• Directions for this task: Using the data that follows, return exactly the lines from the one that contains "#125=DIRECTION('',(0.,0.,1.));" through the one that contains "#134=CARTESIAN_POINT('',(0.,0.,12.7));", ends included.

• Extracted data:

────────────────────────────────────────

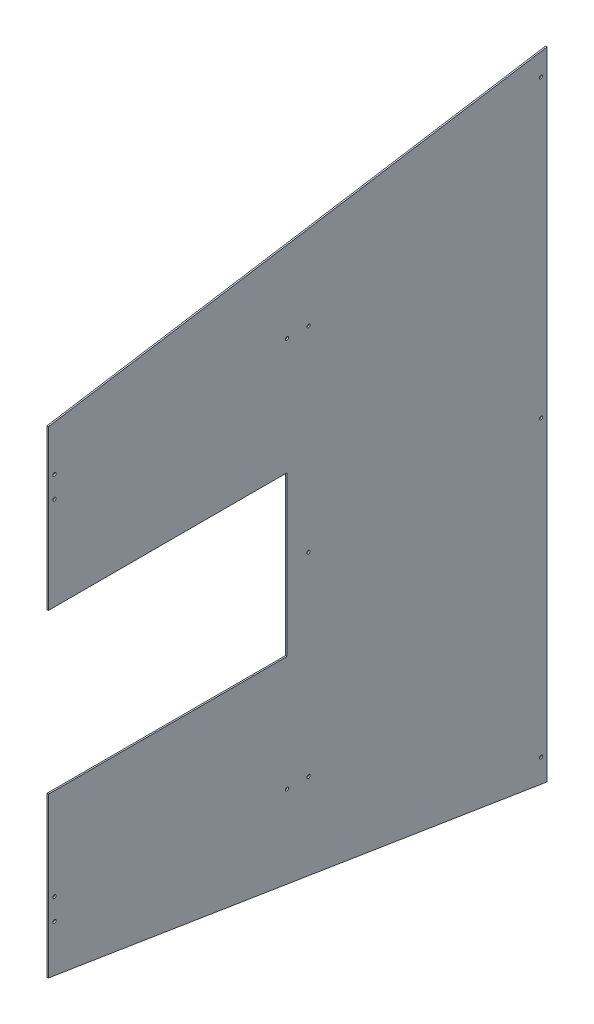
ISO-10303-21;
HEADER;
FILE_DESCRIPTION(('STEP AP214'),'2;1');
FILE_NAME('part.step','',(''),(''),'','','');
FILE_SCHEMA(('AUTOMOTIVE_DESIGN { 1 0 10303 214 1 1 1 1 }'));
ENDSEC;
DATA;
#1=APPLICATION_CONTEXT('core data for automotive mechanical design processes');
#2=APPLICATION_PROTOCOL_DEFINITION('international standard','automotive_design',2000,#1);
#3=PRODUCT_CONTEXT('',#1,'mechanical');
#4=PRODUCT('Part','Part','',(#3));
#5=PRODUCT_RELATED_PRODUCT_CATEGORY('part','',(#4));
#6=PRODUCT_DEFINITION_FORMATION('','',#4);
#7=PRODUCT_DEFINITION_CONTEXT('part definition',#1,'design');
#8=PRODUCT_DEFINITION('design','',#6,#7);
#9=PRODUCT_DEFINITION_SHAPE('','',#8);
#10=(LENGTH_UNIT() NAMED_UNIT(*) SI_UNIT(.MILLI.,.METRE.));
#11=(NAMED_UNIT(*) PLANE_ANGLE_UNIT() SI_UNIT($,.RADIAN.));
#12=(NAMED_UNIT(*) SI_UNIT($,.STERADIAN.) SOLID_ANGLE_UNIT());
#13=UNCERTAINTY_MEASURE_WITH_UNIT(LENGTH_MEASURE(1.E-05),#10,'distance_accuracy_value','');
#14=(GEOMETRIC_REPRESENTATION_CONTEXT(3) GLOBAL_UNCERTAINTY_ASSIGNED_CONTEXT((#13)) GLOBAL_UNIT_ASSIGNED_CONTEXT((#10,
#11,#12)) REPRESENTATION_CONTEXT('',''));
#15=CARTESIAN_POINT('',(0.,0.,0.));
#16=DIRECTION('',(0.,0.,1.));
#17=DIRECTION('',(1.,0.,0.));
#18=AXIS2_PLACEMENT_3D('',#15,#16,#17);
#19=CARTESIAN_POINT('',(0.,0.,0.));
#20=DIRECTION('',(1.,0.,0.));
#21=DIRECTION('',(0.,0.,-1.));
#22=AXIS2_PLACEMENT_3D('',#19,#20,#21);
#23=PLANE('',#22);
#24=CARTESIAN_POINT('',(0.,358.775,1022.35));
#25=DIRECTION('',(-1.,0.,0.));
#26=DIRECTION('',(0.,0.,1.));
#27=AXIS2_PLACEMENT_3D('',#24,#25,#26);
#28=CIRCLE('',#27,3.3655);
#29=CARTESIAN_POINT('',(0.,358.775,1025.7155));
#30=VERTEX_POINT('',#29);
#31=EDGE_CURVE('E138',#30,#30,#28,.F.);
#32=ORIENTED_EDGE('',*,*,#31,.T.);
#33=EDGE_LOOP('',(#32));
#34=FACE_BOUND('',#33,.T.);
#35=CARTESIAN_POINT('',(0.,403.225,1022.35));
#36=DIRECTION('',(-1.,0.,0.));
#37=DIRECTION('',(0.,0.,1.));
#38=AXIS2_PLACEMENT_3D('',#35,#36,#37);
#39=CIRCLE('',#38,3.3655);
#40=CARTESIAN_POINT('',(0.,403.225,1025.7155));
#41=VERTEX_POINT('',#40);
#42=EDGE_CURVE('E142',#41,#41,#39,.F.);
#43=ORIENTED_EDGE('',*,*,#42,.T.);
#44=EDGE_LOOP('',(#43));
#45=FACE_BOUND('',#44,.T.);
#46=CARTESIAN_POINT('',(0.,-355.6,1022.35));
#47=DIRECTION('',(-1.,0.,0.));
#48=DIRECTION('',(0.,0.,1.));
#49=AXIS2_PLACEMENT_3D('',#46,#47,#48);
#50=CIRCLE('',#49,3.3655);
#51=CARTESIAN_POINT('',(0.,-355.6,1025.7155));
#52=VERTEX_POINT('',#51);
#53=EDGE_CURVE('E145',#52,#52,#50,.F.);
#54=ORIENTED_EDGE('',*,*,#53,.T.);
#55=EDGE_LOOP('',(#54));
#56=FACE_BOUND('',#55,.T.);
#57=CARTESIAN_POINT('',(0.,-400.05,1022.35));
#58=DIRECTION('',(-1.,0.,0.));
#59=DIRECTION('',(0.,0.,1.));
#60=AXIS2_PLACEMENT_3D('',#57,#58,#59);
#61=CIRCLE('',#60,3.3655);
#62=CARTESIAN_POINT('',(0.,-400.05,1025.7155));
#63=VERTEX_POINT('',#62);
#64=EDGE_CURVE('E148',#63,#63,#61,.F.);
#65=ORIENTED_EDGE('',*,*,#64,.T.);
#66=EDGE_LOOP('',(#65));
#67=FACE_BOUND('',#66,.T.);
#68=CARTESIAN_POINT('',(0.,-403.225,539.75));
#69=DIRECTION('',(-1.,0.,0.));
#70=DIRECTION('',(0.,0.,1.));
#71=AXIS2_PLACEMENT_3D('',#68,#69,#70);
#72=CIRCLE('',#71,3.3655);
#73=CARTESIAN_POINT('',(0.,-403.225,543.1155));
#74=VERTEX_POINT('',#73);
#75=EDGE_CURVE('E151',#74,#74,#72,.F.);
#76=ORIENTED_EDGE('',*,*,#75,.T.);
#77=EDGE_LOOP('',(#76));
#78=FACE_BOUND('',#77,.T.);
#79=CARTESIAN_POINT('',(0.,-403.225,495.3));
#80=DIRECTION('',(-1.,0.,0.));
#81=DIRECTION('',(0.,0.,1.));
#82=AXIS2_PLACEMENT_3D('',#79,#80,#81);
#83=CIRCLE('',#82,3.3655);
#84=CARTESIAN_POINT('',(0.,-403.225,498.6655));
#85=VERTEX_POINT('',#84);
#86=EDGE_CURVE('E154',#85,#85,#83,.F.);
#87=ORIENTED_EDGE('',*,*,#86,.T.);
#88=EDGE_LOOP('',(#87));
#89=FACE_BOUND('',#88,.T.);
#90=CARTESIAN_POINT('',(0.,0.,495.3));
#91=DIRECTION('',(-1.,0.,0.));
#92=DIRECTION('',(0.,0.,1.));
#93=AXIS2_PLACEMENT_3D('',#90,#91,#92);
#94=CIRCLE('',#93,3.3655);
#95=CARTESIAN_POINT('',(0.,0.,498.6655));
#96=VERTEX_POINT('',#95);
#97=EDGE_CURVE('E157',#96,#96,#94,.F.);
#98=ORIENTED_EDGE('',*,*,#97,.T.);
#99=EDGE_LOOP('',(#98));
#100=FACE_BOUND('',#99,.T.);
#101=CARTESIAN_POINT('',(0.,406.4,539.75));
#102=DIRECTION('',(-1.,0.,0.));
#103=DIRECTION('',(0.,0.,1.));
#104=AXIS2_PLACEMENT_3D('',#101,#102,#103);
#105=CIRCLE('',#104,3.3655);
#106=CARTESIAN_POINT('',(0.,406.4,543.1155));
#107=VERTEX_POINT('',#106);
#108=EDGE_CURVE('E160',#107,#107,#105,.F.);
#109=ORIENTED_EDGE('',*,*,#108,.T.);
#110=EDGE_LOOP('',(#109));
#111=FACE_BOUND('',#110,.T.);
#112=CARTESIAN_POINT('',(0.,406.4,495.3));
#113=DIRECTION('',(-1.,0.,0.));
#114=DIRECTION('',(0.,0.,1.));
#115=AXIS2_PLACEMENT_3D('',#112,#113,#114);
#116=CIRCLE('',#115,3.3655);
#117=CARTESIAN_POINT('',(0.,406.4,498.6655));
#118=VERTEX_POINT('',#117);
#119=EDGE_CURVE('E163',#118,#118,#116,.F.);
#120=ORIENTED_EDGE('',*,*,#119,.T.);
#121=EDGE_LOOP('',(#120));
#122=FACE_BOUND('',#121,.T.);
#123=CARTESIAN_POINT('',(0.,612.775,12.7));
#124=DIRECTION('',(-1.,0.,0.));
#125=DIRECTION('',(0.,0.,1.));
#126=AXIS2_PLACEMENT_3D('',#123,#124,#125);
#127=CIRCLE('',#126,3.3655);
#128=CARTESIAN_POINT('',(0.,612.775,16.0655));
#129=VERTEX_POINT('',#128);
#130=EDGE_CURVE('E166',#129,#129,#127,.F.);
#131=ORIENTED_EDGE('',*,*,#130,.T.);
#132=EDGE_LOOP('',(#131));
#133=FACE_BOUND('',#132,.T.);
#134=CARTESIAN_POINT('',(0.,0.,12.7));
#135=DIRECTION('',(-1.,0.,0.));
#136=DIRECTION('',(0.,0.,1.));
#137=AXIS2_PLACEMENT_3D('',#134,#135,#136);
#138=CIRCLE('',#137,3.3655);
#139=CARTESIAN_POINT('',(0.,0.,16.0655));
#140=VERTEX_POINT('',#139);
#141=EDGE_CURVE('E168',#140,#140,#138,.F.);
#142=ORIENTED_EDGE('',*,*,#141,.T.);
#143=EDGE_LOOP('',(#142));
#144=FACE_BOUND('',#143,.T.);
#145=CARTESIAN_POINT('',(0.,-609.6,12.7));
#146=DIRECTION('',(-1.,0.,0.));
#147=DIRECTION('',(0.,0.,1.));
#148=AXIS2_PLACEMENT_3D('',#145,#146,#147);
#149=CIRCLE('',#148,3.3655);
#150=CARTESIAN_POINT('',(0.,-609.6,16.0655));
#151=VERTEX_POINT('',#150);
#152=EDGE_CURVE('E19',#151,#151,#149,.F.);
#153=ORIENTED_EDGE('',*,*,#152,.T.);
#154=EDGE_LOOP('',(#153));
#155=FACE_BOUND('',#154,.T.);
#156=DIRECTION('',(0.,0.,1.));
#157=VECTOR('',#156,1.);
#158=CARTESIAN_POINT('',(0.,165.1,539.75));
#159=LINE('',#158,#157);
#160=CARTESIAN_POINT('',(0.,165.1,539.75));
#161=VERTEX_POINT('',#160);
#162=CARTESIAN_POINT('',(0.,165.1,1035.05));
#163=VERTEX_POINT('',#162);
#164=EDGE_CURVE('E188',#161,#163,#159,.T.);
#165=ORIENTED_EDGE('',*,*,#164,.T.);
#166=DIRECTION('',(0.,1.,0.));
#167=VECTOR('',#166,1.);
#168=CARTESIAN_POINT('',(0.,495.3,1035.05));
#169=LINE('',#168,#167);
#170=CARTESIAN_POINT('',(0.,495.300000000002,1035.05));
#171=VERTEX_POINT('',#170);
#172=EDGE_CURVE('E190',#171,#163,#169,.F.);
#173=ORIENTED_EDGE('',*,*,#172,.F.);
#174=DIRECTION('',(0.,-0.157517910379392,0.987516130455452));
#175=VECTOR('',#174,1.);
#176=CARTESIAN_POINT('',(0.,660.4,0.));
#177=LINE('',#176,#175);
#178=CARTESIAN_POINT('',(0.,660.4,0.));
#179=VERTEX_POINT('',#178);
#180=EDGE_CURVE('E196',#179,#171,#177,.T.);
#181=ORIENTED_EDGE('',*,*,#180,.F.);
#182=DIRECTION('',(0.,1.,0.));
#183=VECTOR('',#182,1.);
#184=CARTESIAN_POINT('',(0.,-660.4,0.));
#185=LINE('',#184,#183);
#186=CARTESIAN_POINT('',(0.,-660.399999999998,-3.05311331771918E-13));
#187=VERTEX_POINT('',#186);
#188=EDGE_CURVE('E94',#187,#179,#185,.T.);
#189=ORIENTED_EDGE('',*,*,#188,.F.);
#190=DIRECTION('',(0.,-0.157517910379392,-0.987516130455452));
#191=VECTOR('',#190,1.);
#192=CARTESIAN_POINT('',(0.,-495.3,1035.05));
#193=LINE('',#192,#191);
#194=CARTESIAN_POINT('',(0.,-495.3,1035.05));
#195=VERTEX_POINT('',#194);
#196=EDGE_CURVE('E79',#195,#187,#193,.T.);
#197=ORIENTED_EDGE('',*,*,#196,.F.);
#198=DIRECTION('',(0.,1.,0.));
#199=VECTOR('',#198,1.);
#200=CARTESIAN_POINT('',(0.,495.3,1035.05));
#201=LINE('',#200,#199);
#202=CARTESIAN_POINT('',(0.,-165.1,1035.05));
#203=VERTEX_POINT('',#202);
#204=EDGE_CURVE('E84',#203,#195,#201,.F.);
#205=ORIENTED_EDGE('',*,*,#204,.F.);
#206=DIRECTION('',(0.,0.,-1.));
#207=VECTOR('',#206,1.);
#208=CARTESIAN_POINT('',(0.,-165.1,1035.05));
#209=LINE('',#208,#207);
#210=CARTESIAN_POINT('',(0.,-165.1,539.75));
#211=VERTEX_POINT('',#210);
#212=EDGE_CURVE('E176',#203,#211,#209,.T.);
#213=ORIENTED_EDGE('',*,*,#212,.T.);
#214=DIRECTION('',(0.,1.,0.));
#215=VECTOR('',#214,1.);
#216=CARTESIAN_POINT('',(0.,-165.1,539.75));
#217=LINE('',#216,#215);
#218=EDGE_CURVE('E184',#211,#161,#217,.T.);
#219=ORIENTED_EDGE('',*,*,#218,.T.);
#220=EDGE_LOOP('',(#165,#173,#181,#189,#197,#205,#213,#219));
#221=FACE_BOUND('',#220,.T.);
#222=ADVANCED_FACE('F16',(#34,#45,#56,#67,#78,#89,#100,#111,#122,#133,#144,#155,#221),#23,.F.);
#223=CARTESIAN_POINT('',(0.,495.3,1035.05));
#224=DIRECTION('',(0.,0.,1.));
#225=DIRECTION('',(1.,0.,0.));
#226=AXIS2_PLACEMENT_3D('',#223,#224,#225);
#227=PLANE('',#226);
#228=DIRECTION('',(0.,1.,0.));
#229=VECTOR('',#228,1.);
#230=CARTESIAN_POINT('',(3.175,0.,1035.05));
#231=LINE('',#230,#229);
#232=CARTESIAN_POINT('',(3.175,-165.1,1035.05));
#233=VERTEX_POINT('',#232);
#234=CARTESIAN_POINT('',(3.175,-495.3,1035.05));
#235=VERTEX_POINT('',#234);
#236=EDGE_CURVE('E141',#233,#235,#231,.F.);
#237=ORIENTED_EDGE('',*,*,#236,.F.);
#238=DIRECTION('',(1.,0.,0.));
#239=VECTOR('',#238,1.);
#240=CARTESIAN_POINT('',(3.175,-165.1,1035.05));
#241=LINE('',#240,#239);
#242=EDGE_CURVE('E89',#233,#203,#241,.F.);
#243=ORIENTED_EDGE('',*,*,#242,.T.);
#244=ORIENTED_EDGE('',*,*,#204,.T.);
#245=DIRECTION('',(1.,0.,0.));
#246=VECTOR('',#245,1.);
#247=CARTESIAN_POINT('',(0.,-495.3,1035.05));
#248=LINE('',#247,#246);
#249=EDGE_CURVE('E86',#235,#195,#248,.F.);
#250=ORIENTED_EDGE('',*,*,#249,.F.);
#251=EDGE_LOOP('',(#237,#243,#244,#250));
#252=FACE_BOUND('',#251,.T.);
#253=ADVANCED_FACE('F85',(#252),#227,.T.);
#254=CARTESIAN_POINT('',(0.,-495.3,1035.05));
#255=DIRECTION('',(0.,-0.987516130455452,0.157517910379392));
#256=DIRECTION('',(0.,-0.157517910379392,-0.987516130455452));
#257=AXIS2_PLACEMENT_3D('',#254,#255,#256);
#258=PLANE('',#257);
#259=ORIENTED_EDGE('',*,*,#249,.T.);
#260=ORIENTED_EDGE('',*,*,#196,.T.);
#261=DIRECTION('',(-1.,0.,0.));
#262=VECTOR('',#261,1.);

────────────────────────────────────────

• Result:
#125=DIRECTION('',(0.,0.,1.));
#126=AXIS2_PLACEMENT_3D('',#123,#124,#125);
#127=CIRCLE('',#126,3.3655);
#128=CARTESIAN_POINT('',(0.,612.775,16.0655));
#129=VERTEX_POINT('',#128);
#130=EDGE_CURVE('E166',#129,#129,#127,.F.);
#131=ORIENTED_EDGE('',*,*,#130,.T.);
#132=EDGE_LOOP('',(#131));
#133=FACE_BOUND('',#132,.T.);
#134=CARTESIAN_POINT('',(0.,0.,12.7));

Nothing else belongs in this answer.